LAM Client Rendering Handler: This handler uses assets generated by the LAM (ultra-realistic 3D digital humans from a single image) project to render the client avatar. You can use the sample assets provided or create your own.
OpenAI Compatible LLM Handler: Connect to your existing LLM API (like Bailian) to power the digital human's responses.
MiniCPM Omni Speech2Speech Handler: Use the MiniCPM-o-2.6 model for multimodal dialogue capabilities, downloading the model from Hugging Face or ModelScope.
Bailian CosyVoice Handler: Integrate Bailian's CosyVoice API for text-to-speech, reducing system requirements.
CosyVoice Local Inference Handler: Run CosyVoice locally for TTS, but be aware of potential installation issues on Windows (see the original documentation for workarounds).
Edge TTS Handler: Leverage Microsoft Edge's cloud-based TTS service.
LiteAvatar Avatar Handler: Utilize 2D avatar features with a library of 100+ avatars on ModelScope’s LiteAvatarGallery.
LAM Avatar Driver Handler: Use audio to drive facial expressions with the facebook/wav2vec2-base-960h and LAM_audio2exp models.
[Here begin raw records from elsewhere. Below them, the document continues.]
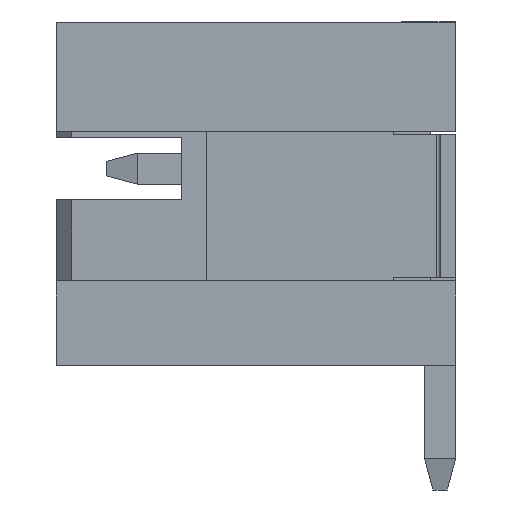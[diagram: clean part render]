
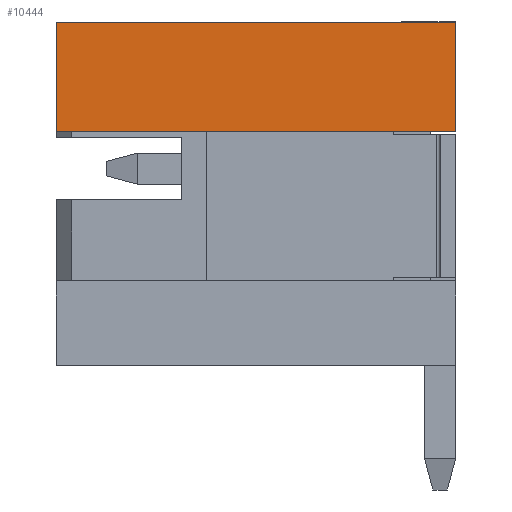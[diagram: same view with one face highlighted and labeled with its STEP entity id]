
A CAD part, left-side view. The second image highlights one B-rep face of the part: STEP entity #10444.
In plain terms, the highlighted planar face has unit normal (-1, 0, 0).
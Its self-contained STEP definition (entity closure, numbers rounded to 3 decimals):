
#560 = DIRECTION ( 'NONE',  ( 1., 0., 0. ) ) ;
#738 = ORIENTED_EDGE ( 'NONE', *, *, #4558, .F. ) ;
#787 = EDGE_CURVE ( 'NONE', #4195, #4926, #12363, .T. ) ;
#1140 = VECTOR ( 'NONE', #9895, 1000. ) ;
#1175 = DIRECTION ( 'NONE',  ( 0., 1., 0. ) ) ;
#1582 = VERTEX_POINT ( 'NONE', #10026 ) ;
#2865 = LINE ( 'NONE', #6305, #11936 ) ;
#3142 = CARTESIAN_POINT ( 'NONE',  ( -3., 0., 2.35 ) ) ;
#3740 = ORIENTED_EDGE ( 'NONE', *, *, #787, .F. ) ;
#4054 = EDGE_CURVE ( 'NONE', #1582, #6071, #9749, .T. ) ;
#4089 = CARTESIAN_POINT ( 'NONE',  ( -3., 0., 0.6 ) ) ;
#4195 = VERTEX_POINT ( 'NONE', #6137 ) ;
#4558 = EDGE_CURVE ( 'NONE', #4926, #1582, #8186, .T. ) ;
#4582 = EDGE_LOOP ( 'NONE', ( #6035, #738, #3740, #7333 ) ) ;
#4676 = AXIS2_PLACEMENT_3D ( 'NONE', #6346, #560, #10311 ) ;
#4926 = VERTEX_POINT ( 'NONE', #8197 ) ;
#6035 = ORIENTED_EDGE ( 'NONE', *, *, #4054, .F. ) ;
#6071 = VERTEX_POINT ( 'NONE', #9564 ) ;
#6137 = CARTESIAN_POINT ( 'NONE',  ( -3., 0., 2.35 ) ) ;
#6305 = CARTESIAN_POINT ( 'NONE',  ( -3., 6.4, 2.35 ) ) ;
#6346 = CARTESIAN_POINT ( 'NONE',  ( -3., 0., 0. ) ) ;
#7207 = DIRECTION ( 'NONE',  ( 0., -1., 0. ) ) ;
#7333 = ORIENTED_EDGE ( 'NONE', *, *, #12559, .F. ) ;
#8186 = LINE ( 'NONE', #4089, #8656 ) ;
#8197 = CARTESIAN_POINT ( 'NONE',  ( -3., 0., 0.6 ) ) ;
#8656 = VECTOR ( 'NONE', #1175, 1000. ) ;
#9564 = CARTESIAN_POINT ( 'NONE',  ( -3., 6.4, 2.35 ) ) ;
#9732 = VECTOR ( 'NONE', #11954, 1000. ) ;
#9749 = LINE ( 'NONE', #11013, #1140 ) ;
#9895 = DIRECTION ( 'NONE',  ( 0., 0., 1. ) ) ;
#10026 = CARTESIAN_POINT ( 'NONE',  ( -3., 6.4, 0.6 ) ) ;
#10311 = DIRECTION ( 'NONE',  ( 0., 0., -1. ) ) ;
#10444 = ADVANCED_FACE ( 'NONE', ( #11305 ), #11295, .F. ) ;
#11013 = CARTESIAN_POINT ( 'NONE',  ( -3., 6.4, 2.35 ) ) ;
#11295 = PLANE ( 'NONE',  #4676 ) ;
#11305 = FACE_OUTER_BOUND ( 'NONE', #4582, .T. ) ;
#11936 = VECTOR ( 'NONE', #7207, 1000. ) ;
#11954 = DIRECTION ( 'NONE',  ( 0., 0., -1. ) ) ;
#12363 = LINE ( 'NONE', #3142, #9732 ) ;
#12559 = EDGE_CURVE ( 'NONE', #6071, #4195, #2865, .T. ) ;

Optional Deployment Tweaks

SSL Certificates: If you're not running Open Avatar Chat on localhost, you'll need SSL certificates to secure the video and audio streams.
TURN Server: If you encounter connection issues, setting up a TURN server can help with NAT traversal.

Configuring Your Digital Human

The main configuration file and command parameter is <project_root>/configs/chat_with_minicpm.yaml. You can load from another directory by specifying --config.

Key parameters for configuration live in:

VAD
LLM
ASR
TTS
LiteAvatar Digital Human

Remember, all path parameters can be absolute or relative to the project root.

Start Building Your Digital Human Today

Open Avatar Chat offers a powerful and flexible platform for creating interactive digital humans. Dive in, experiment with different configurations, and bring your AI avatar to life!